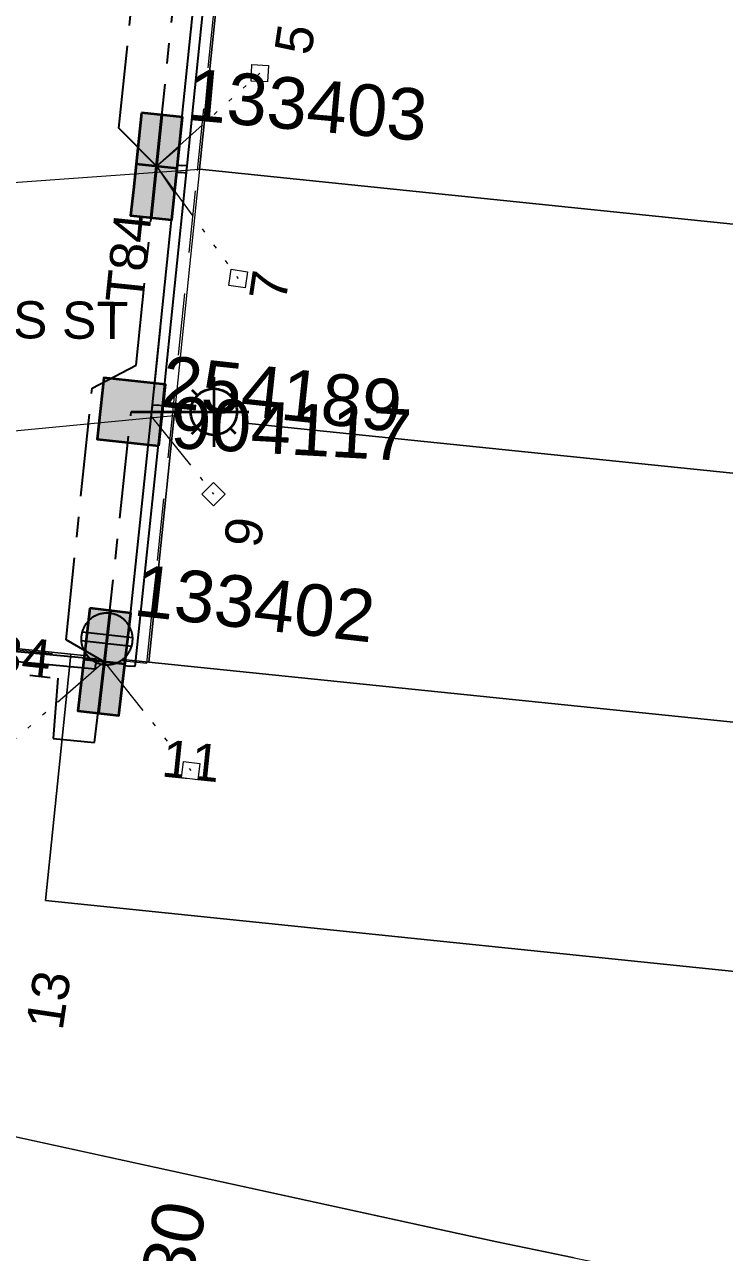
# Model space of a CAD drawing. Header units: metres. Extents: x 293418 to 294566, y 6233478 to 6234177.
# Drawn here: x 294042 to 294075.9, y 6233786 to 6233845.5 of the extents above; entities that cross this region are included whole.
import ezdxf
from ezdxf.enums import TextEntityAlignment as Align

# ---------------------------------------------------------------- set-up
doc = ezdxf.new("R2010")
doc.units = ezdxf.units.M
for name, pattern in [('Cable Exist UG', [7, 4, -1, 1, -1]), ('Dash', [5, 3, -2]), ('PHANTOMX2', [6.6, 3, -0.75, 0.2, -0.75, 0.2, -0.75, 0.2, -0.75])]:
    doc.linetypes.add(name, pattern=pattern)
doc.layers.get('0').update_dxf_attribs({"color": 6})
for name, color, linetype, lineweight in [('_User_LV_Exist', 5, 'Continuous', 35), ('Cadastre Developer_SP_EXT', 98, 'Continuous', 15), ('Cadastre Land Parcels_SP_EXT', 118, 'Continuous', 15), ('Cadastre Roads_SP_EXT', 218, 'Continuous', 15), ('Mains_LV_EXT', 163, 'Continuous', 25), ('Mains_LV_SL_EXT', 135, 'Continuous', 25), ('Services_SP_EXT', 42, 'PHANTOMX2', 20)]:
    doc.layers.add(name, color=color, linetype=linetype, lineweight=lineweight)
for name, color, linetype in [('Duct_SP_EXT', 30, 'Continuous'), ('Equip_LV_EXT', 7, 'Continuous'), ('Equip_SP_SL_EXT', 7, 'Continuous'), ('SupportsUG_SP_LV_EXT', 7, 'Continuous'), ('SupportsUG_SP_LV_SL_EXT', 7, 'Continuous')]:
    doc.layers.add(name, color=color, linetype=linetype)
doc.layers.add('Features_HIDE', color=1, linetype='Continuous', plot=False)
doc.styles.add('COLUMN_LABEL', font='arial.ttf', dxfattribs={"height": 2})
doc.styles.add('iecARIAL', font='arial.ttf', dxfattribs={"height": 2})
doc.styles.add('POLE_LABEL', font='arial.ttf', dxfattribs={"height": 2})
doc.styles.add('SL_LABEL', font='arial.ttf', dxfattribs={"height": 2})
doc.styles.get("Standard").update_dxf_attribs({"font": 'arial.ttf'})

# ---------------------------------------------------------------- blocks, each defined once
blk = doc.blocks.new('SL_LANTERN_EXT')
at = {"flags": 9}
for tag, p in [('LRATECODE', (-7.4, 0)), ('LOUTREACHVOCAB', (-7.2, 0)), ('LOUTREACH', (-7, 0)), ('LANTNUMBER', (-6.6, 0)), ('LNEW', (-6.4, 0)), ('LMASTVOCAB', (-6.2, 0)), ('LMAST', (-6, 0)), ('LLAMPVOCAB', (-5.8, 0)), ('LLAMP', (-5.6, 0)), ('LEXIST', (-5.4, 0)), ('LCHARGE3PERCENT', (-5.2, 0)), ('LCHARGE3', (-5, 0)), ('LCHARGE2PERCENT', (-4.8, 0)), ('LCHARGE2', (-4.6, 0)), ('LCHARGE1PERCENT', (-4.4, 0)), ('LCHARGE1', (-4.2, 0)), ('LCATEGORY', (-4, 0)), ('LBRACKETVOCAB', (-3.8, 0)), ('LBRACKET', (-3.6, 0)), ('LKINGHEIGHT', (-3.4, 0)), ('CREPLACE', (-3.2, 0)), ('CREMOVE', (-3, 0)), ('CNUMBER', (-2.8, 0)), ('CNEW', (-2.6, 0)), ('CEXIST', (-2.4, 0)), ('USAGE', (-2.2, 0)), ('STATE', (-2, 0)), ('OWNED_BY', (-1.8, 0)), ('ORIENTATION', (-1.6, 0)), ('OPERATING_VOLTAGE', (-1.4, 0)), ('NO_PHASES', (-1.2, 0)), ('LANTERN_TYPE', (-1, 0)), ('LANTERN_PURPOSE', (-0.8, 0)), ('CONTROL_TYPE', (-0.6, 0)), ('CONSTRUCTED_VOLTAGE', (-0.4, 0))]:
    blk.add_attdef(tag, text='', height=0.001, rotation=270, dxfattribs=at).set_placement(p, align=Align.MIDDLE_LEFT)
at = {"style": 'SL_LABEL', "flags": 9}
blk.add_attdef('STREET_CODE', text='', height=0.001, rotation=270, dxfattribs=at).set_placement((0.001, 0), align=Align.MIDDLE_LEFT)
at = {"flags": 1}
blk.add_attdef('Z', (0, 0), '', height=0.001, rotation=270, dxfattribs=at)
at = {"width": 0.9}
blk.add_attdef('LNUMBER', text='', height=1, dxfattribs=at).set_placement((7, -1), align=Align.MIDDLE_LEFT)
at = {"flags": 9}
for tag, p in [('LREMOVE', (0, -7.6)), ('LREPLACE', (0, -7.8)), ('LTYPE', (0, -8)), ('LTYPEVOCAB', (0, -8.2)), ('LEGEND', (0, -8.4)), ('SUBURB', (0, -8.6)), ('STREETNAME', (0, -8.8)), ('LOCATION', (0, -9)), ('NOTES', (0, -9.2)), ('MAINTAINED_BY', (0, -9.863))]:
    blk.add_attdef(tag, text='', height=0.001, dxfattribs=at).set_placement(p, align=Align.MIDDLE_LEFT)
blk.add_attdef('OPERATED_BY', (0, -9.607), '', height=0.001, dxfattribs=at)
at = {"layer": 'Features_HIDE', "width": 0.9}
blk.add_attdef('ASSET_NUM', text='', height=1, dxfattribs=at).set_placement((7, 1), align=Align.MIDDLE_LEFT)
blk.add_wipeout([(5.688, 0), (5.061, -1.061), (4, -1.688), (2.939, -1.061), (2.313, 0), (2.939, 1.061), (4, 1.687), (5.061, 1.061)])
for p, q in [((4, 1.687), (4, 0)), ((2.939, 1.061), (3.205, 0.795)), ((5.061, 1.061), (4.795, 0.795)), ((0, 0), (4, 0)), ((4, 0), (5.688, 0)), ((4, 0), (4, -1.688)), ((2.939, -1.061), (3.205, -0.795)), ((5.061, -1.061), (4.795, -0.795))]:
    blk.add_line(p, q)
blk.add_circle((4, 0), 1.125)
blk = doc.blocks.new('CCP_EXT')
at = {"flags": 9}
for tag, p in [('OWNED_BY', (0, -1)), ('USAGE', (0, -1.2)), ('STATE', (0, -1.8)), ('LEGEND', (0, -1.4)), ('LIFE_SUPPORT', (0, -1.6)), ('NOTES', (0, -2))]:
    blk.add_attdef(tag, text='', height=0.2, dxfattribs=at).set_placement(p, align=Align.MIDDLE_LEFT)
blk.add_wipeout([(0, 0.566), (0.566, 0), (0, -0.566), (-0.566, 0)])
blk.add_lwpolyline([(-0.566, 0), (0, 0.566), (0.566, 0), (0, -0.566), (-0.566, 0)])
at = {"flags": 1}
blk.add_attdef('Z', (0, 0), '', height=0.2, dxfattribs=at)
at = {"flags": 9}
for tag, p in [('CCP_TYPE', (0, 0)), ('OPERATING_VOLTAGE', (0, -0.6)), ('CONSTRUCTED_VOLTAGE', (0, -0.2)), ('NO_PHASES', (0, -0.4)), ('ORIENTATION', (0, -0.8))]:
    blk.add_attdef(tag, text='', height=0.2, dxfattribs=at).set_placement(p, align=Align.MIDDLE_LEFT)
blk = doc.blocks.new('LV_UG_LINKS_CLOSED_EXT')
at = {"layer": 'Equip_LV_EXT'}
for tag, flags, p in [('ACTUAL_STATUS', 9, (3, -2)), ('CONSTRUCTED_VOLTAGE', 9, (3, -2.2)), ('NO_PHASES', 9, (3, -2.4)), ('OPERATING_VOLTAGE', 9, (3, -2.6)), ('ORIENTATION', 9, (3, -2.8)), ('STATE', 9, (3, -3)), ('SWITCH_TYPE', 9, (3, -3.2)), ('USAGE', 9, (3, -3.4)), ('NOTES', 9, (3, -3.6)), ('OWNED_BY', 9, (3, -3.8)), ('OPERATED_BY', 9, (3, -4)), ('MAINTAINED_BY', 9, (3, -4.2)), ('TYPE', 9, (3, -4.6)), ('Z', 1, (3, -4.8)), ('NUMBER_OF_PHASES', 9, (3, -4.4))]:
    blk.add_attdef(tag, text='', height=0.2, dxfattribs=dict(at, flags=flags)).set_placement(p, align=Align.MIDDLE_LEFT)
blk.add_wipeout([(4, 1.25), (3.969, 1.25), (3.939, 1.248), (3.908, 1.247), (3.877, 1.244), (3.847, 1.241), (3.817, 1.236), (3.786, 1.232), (3.756, 1.226), (3.726, 1.22), (3.696, 1.213), (3.667, 1.205), (3.637, 1.196), (3.608, 1.187), (3.579, 1.177), (3.55, 1.166), (3.522, 1.155), (3.493, 1.143), (3.466, 1.13), (3.438, 1.117), (3.411, 1.102), (3.384, 1.088), (3.357, 1.072), (3.331, 1.056), (3.306, 1.039), (3.28, 1.022), (3.255, 1.004), (3.231, 0.985), (3.207, 0.966), (3.184, 0.947), (3.161, 0.926), (3.138, 0.905), (3.116, 0.884), (3.095, 0.862), (3.074, 0.839), (3.053, 0.816), (3.034, 0.793), (3.015, 0.769), (2.996, 0.745), (2.978, 0.72), (2.961, 0.694), (2.944, 0.669), (2.928, 0.643), (2.912, 0.616), (2.898, 0.589), (2.883, 0.562), (2.87, 0.534), (2.857, 0.507), (2.845, 0.478), (2.834, 0.45), (2.823, 0.421), (2.813, 0.392), (2.804, 0.363), (2.795, 0.333), (2.787, 0.304), (2.78, 0.274), (2.774, 0.244), (2.768, 0.214), (2.764, 0.183), (2.759, 0.153), (2.756, 0.123), (2.753, 0.092), (2.752, 0.061), (2.75, 0.031), (2.75, 0), (2.75, -0.031), (2.752, -0.061), (2.753, -0.092), (2.756, -0.123), (2.759, -0.153), (2.764, -0.183), (2.768, -0.214), (2.774, -0.244), (2.78, -0.274), (2.787, -0.304), (2.795, -0.333), (2.804, -0.363), (2.813, -0.392), (2.823, -0.421), (2.834, -0.45), (2.845, -0.478), (2.857, -0.507), (2.87, -0.534), (2.883, -0.562), (2.898, -0.589), (2.912, -0.616), (2.928, -0.643), (2.944, -0.669), (2.961, -0.694), (2.978, -0.72), (2.996, -0.745), (3.015, -0.769), (3.034, -0.793), (3.053, -0.816), (3.074, -0.839), (3.095, -0.862), (3.116, -0.884), (3.138, -0.905), (3.161, -0.926), (3.184, -0.947), (3.207, -0.966), (3.231, -0.985), (3.255, -1.004), (3.28, -1.022), (3.306, -1.039), (3.331, -1.056), (3.357, -1.072), (3.384, -1.088), (3.411, -1.102), (3.438, -1.117), (3.466, -1.13), (3.493, -1.143), (3.522, -1.155), (3.55, -1.166), (3.579, -1.177), (3.608, -1.187), (3.637, -1.196), (3.667, -1.205), (3.696, -1.213), (3.726, -1.22), (3.756, -1.226), (3.786, -1.232), (3.817, -1.236), (3.847, -1.241), (3.877, -1.244), (3.908, -1.247), (3.939, -1.248), (3.969, -1.25), (4, -1.25), (4.031, -1.25), (4.061, -1.248), (4.092, -1.247), (4.123, -1.244), (4.153, -1.241), (4.183, -1.236), (4.214, -1.232), (4.244, -1.226), (4.274, -1.22), (4.304, -1.213), (4.333, -1.205), (4.363, -1.196), (4.392, -1.187), (4.421, -1.177), (4.45, -1.166), (4.478, -1.155), (4.507, -1.143), (4.534, -1.13), (4.562, -1.117), (4.589, -1.102), (4.616, -1.088), (4.643, -1.072), (4.669, -1.056), (4.694, -1.039), (4.72, -1.022), (4.745, -1.004), (4.769, -0.985), (4.793, -0.966), (4.816, -0.947), (4.839, -0.926), (4.862, -0.905), (4.884, -0.884), (4.905, -0.862), (4.926, -0.839), (4.947, -0.816), (4.966, -0.793), (4.985, -0.769), (5.004, -0.745), (5.022, -0.72), (5.039, -0.694), (5.056, -0.669), (5.072, -0.643), (5.088, -0.616), (5.102, -0.589), (5.117, -0.562), (5.13, -0.534), (5.143, -0.507), (5.155, -0.478), (5.166, -0.45), (5.177, -0.421), (5.187, -0.392), (5.196, -0.363), (5.205, -0.333), (5.213, -0.304), (5.22, -0.274), (5.226, -0.244), (5.232, -0.214), (5.236, -0.183), (5.241, -0.153), (5.244, -0.123), (5.247, -0.092), (5.248, -0.061), (5.25, -0.031), (5.25, 0), (5.25, 0.031), (5.248, 0.061), (5.247, 0.092), (5.244, 0.123), (5.241, 0.153), (5.236, 0.183), (5.232, 0.214), (5.226, 0.244), (5.22, 0.274), (5.213, 0.304), (5.205, 0.333), (5.196, 0.363), (5.187, 0.392), (5.177, 0.421), (5.166, 0.45), (5.155, 0.478), (5.143, 0.507), (5.13, 0.534), (5.117, 0.562), (5.102, 0.589), (5.088, 0.616), (5.072, 0.643), (5.056, 0.669), (5.039, 0.694), (5.022, 0.72), (5.004, 0.745), (4.985, 0.769), (4.966, 0.793), (4.947, 0.816), (4.926, 0.839), (4.905, 0.862), (4.884, 0.884), (4.862, 0.905), (4.839, 0.926), (4.816, 0.947), (4.793, 0.966), (4.769, 0.985), (4.745, 1.004), (4.72, 1.022), (4.694, 1.039), (4.669, 1.056), (4.643, 1.072), (4.616, 1.088), (4.589, 1.102), (4.562, 1.117), (4.534, 1.13), (4.507, 1.143), (4.478, 1.155), (4.45, 1.166), (4.421, 1.177), (4.392, 1.187), (4.363, 1.196), (4.333, 1.205), (4.304, 1.213), (4.274, 1.22), (4.244, 1.226), (4.214, 1.232), (4.183, 1.236), (4.153, 1.241), (4.123, 1.244), (4.092, 1.247), (4.061, 1.248), (4.031, 1.25)]).dxf.layer = 'Equip_LV_EXT'
for p, q in [((3.792, 1.232), (3.792, -1.232)), ((4.208, 1.232), (4.208, -1.232))]:
    blk.add_line(p, q, dxfattribs=at)
at = {"layer": 'Equip_LV_EXT', "flags": 128}
blk.add_lwpolyline([(4, 1.25), (3.969, 1.25), (3.939, 1.248), (3.908, 1.247), (3.877, 1.244), (3.847, 1.241), (3.817, 1.236), (3.786, 1.232), (3.756, 1.226), (3.726, 1.22), (3.696, 1.213), (3.667, 1.205), (3.637, 1.196), (3.608, 1.187), (3.579, 1.177), (3.55, 1.166), (3.522, 1.155), (3.493, 1.143), (3.466, 1.13), (3.438, 1.117), (3.411, 1.102), (3.384, 1.088), (3.357, 1.072), (3.331, 1.056), (3.306, 1.039), (3.28, 1.022), (3.255, 1.004), (3.231, 0.985), (3.207, 0.966), (3.184, 0.947), (3.161, 0.926), (3.138, 0.905), (3.116, 0.884), (3.095, 0.862), (3.074, 0.839), (3.053, 0.816), (3.034, 0.793), (3.015, 0.769), (2.996, 0.745), (2.978, 0.72), (2.961, 0.694), (2.944, 0.669), (2.928, 0.643), (2.912, 0.616), (2.898, 0.589), (2.883, 0.562), (2.87, 0.534), (2.857, 0.507), (2.845, 0.478), (2.834, 0.45), (2.823, 0.421), (2.813, 0.392), (2.804, 0.363), (2.795, 0.333), (2.787, 0.304), (2.78, 0.274), (2.774, 0.244), (2.768, 0.214), (2.764, 0.183), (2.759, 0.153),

· · · · · · ·

- Directions for this task
Each line in which the string "LEGEND" is found must be copied from the data.

- Worked solution
for tag, p in [('LREMOVE', (0, -7.6)), ('LREPLACE', (0, -7.8)), ('LTYPE', (0, -8)), ('LTYPEVOCAB', (0, -8.2)), ('LEGEND', (0, -8.4)), ('SUBURB', (0, -8.6)), ('STREETNAME', (0, -8.8)), ('LOCATION', (0, -9)), ('NOTES', (0, -9.2)), ('MAINTAINED_BY', (0, -9.863))]:
for tag, p in [('OWNED_BY', (0, -1)), ('USAGE', (0, -1.2)), ('STATE', (0, -1.8)), ('LEGEND', (0, -1.4)), ('LIFE_SUPPORT', (0, -1.6)), ('NOTES', (0, -2))]:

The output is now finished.